No reasons for it all on the horizon I am left with the simple fact of his absence. Admittedly our lives took very different courses as adults and so we weren’t with each other day in and out like many friends and some brothers, yet he mattered to me in that unique way only explained by the connection of family, of the similar flesh, of the shared struggle to life, of the soulishness shaped in a common womb. And when he died a part of me died as well because of it.

So tonight I see his picture and it all comes to mind again. I pray for him in the small hours of the night when I’m too restless to sleep and hope he prays for me too as I crawl along through this world, my journey still incomplete. For some reason all this had to be and I wish I had some clue because if I did I’m sure I wouldn’t feel quite as alone as I do right now.

Back from Branson

Made it back from Branson, Missouri, last night and all is reasonably well.

Some time last fall we promised my mother in law that we would take her to Branson for a birthday gift and we knew she liked Branson. I like it too, not because I’m necessarily a fan of a city where “Hee Haw” is a 24/7 way of life, but rather because the Ozarks have a kind of charm and natural beauty that feels like a lonesome banjo sounds.

But Branson is definitely another world. If Las Vegas is America’s raunchy old uncle Branson is our spinster aunt, neatly groomed, sitting on her front porch with a Bible in her lap and an old photo of her brother who died in WW2 over the mantlepiece. Branson is up, clean, a perpetual Bible camp with very good performers, the best sound and light systems available, and a kind of patriotism that would make a President blush.

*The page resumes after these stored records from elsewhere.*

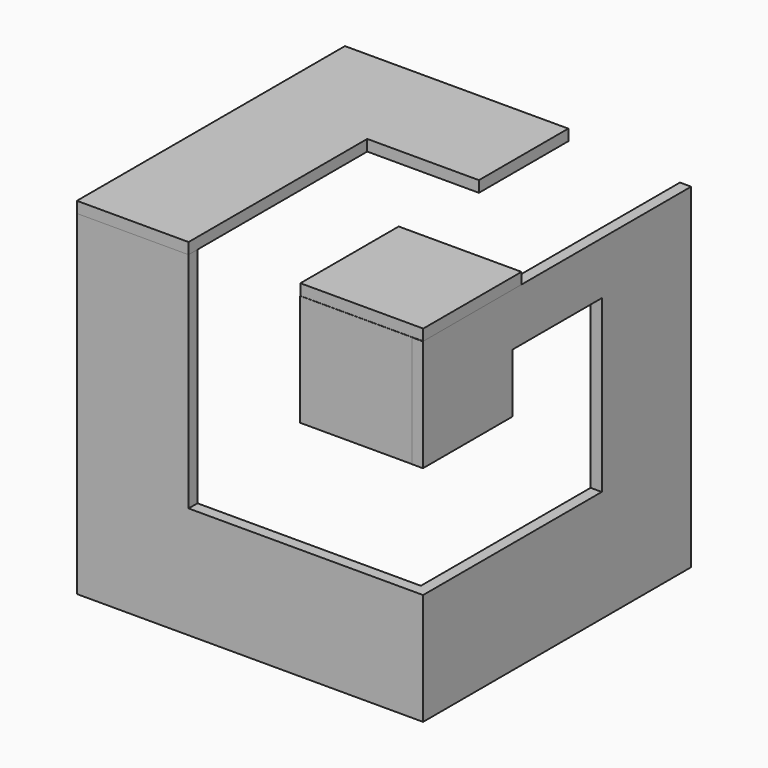
from build123d import *

# Parameters (mm, degrees)
F0_W     = 20
F0_H     = 40
F0_H_2   = 20
F0_W_2   = 40
F1_DEPTH = 2
F2_W     = 40
F2_H     = 20
F2_W_2   = 20
F2_W_3   = 20.0283188205
F2_H_2   = 9.4384654047
F3_DEPTH = 2
F4_W     = 20
F4_H     = 40
F4_H_2   = 20
F5_DEPTH = 2
F4_W_2   = 22
F4_H_3   = 22


with BuildPart() as f1:
    # F0 (on Front) → F1 (new body)
    with BuildSketch(Plane.XZ):
        with Locations((-35.8879165724, 7.8213110747)):
            Rectangle(F0_W, F0_H)
        with Locations((-35.8879165724, -22.1786889253)):
            Rectangle(F0_W, F0_H_2)
        with Locations((-5.8879165724, -22.1786889253)):
            Rectangle(F0_W_2, F0_H_2)
    extrude(amount=F1_DEPTH)

    # F2 (on face) → F3 (join)
    with BuildSketch(Plane.YZ.offset(14.1120834276)):
        with Locations((18, -22.1786889253)):
            Rectangle(F2_W, F2_H)
        with Locations((48, -22.1786889253)):
            Rectangle(F2_W_2, F2_H)
        Polygon((38, 18.38284567), (38, -12.1786889253), (58, -12.1786889253), (58, 27.8213110747), (38, 27.8213110747), align=None)
        with Locations((27.9858405897, 23.1020783723)):
            Rectangle(F2_W_3, F2_H_2)
        Polygon((17.9716811795, 7.8213110747), (17.9716811795, 18.38284567), (17.9716811795, 27.8213110747), (-2.0283188205, 27.8213110747), (-2.0283188205, 7.8213110747), align=None)
    extrude(amount=F3_DEPTH)


with BuildPart() as f1b:
    # F0 (on Front) → F1, piece 2 (new body)
    with BuildSketch(Plane.XZ):
        with Locations((4.1120834276, 17.8213110747)):
            Rectangle(F0_W, F0_H_2)
    extrude(amount=F1_DEPTH)


with BuildPart() as f5:
    # F4 (on face) → F5 (new body)
    with BuildSketch(Plane.XY.offset(27.8213110747)):
        with Locations((-35.8879165724, 18)):
            Rectangle(F4_W, F4_H)
        with Locations((-35.8879165724, 48)):
            Rectangle(F4_W, F4_H_2)
        with Locations((-15.8879165724, 48)):
            Rectangle(F4_W, F4_H_2)
    extrude(amount=F5_DEPTH)


with BuildPart() as f5b:
    # F4 (on face) → F5, piece 2 (new body)
    with BuildSketch(Plane.XY.offset(27.8213110747)):
        with Locations((5.1120834276, 9.0354546569)):
            Rectangle(F4_W_2, F4_H_3)
    extrude(amount=F5_DEPTH)


solid = Compound([f1.part, f1b.part, f5.part, f5b.part])

Branson is politically the reddest area in the United States and culturally the most white. Somewhere there must be someone drinking or smoking or cussing or doing something bad with thier neighbor’s wife but if they are they’ve found a way to keep it all under wraps. You can leave your car open in Branson and your 80 plus mother in law has nothing to fear except the people trying to sell timeshares. I’ve been there twice and have yet to see a bar.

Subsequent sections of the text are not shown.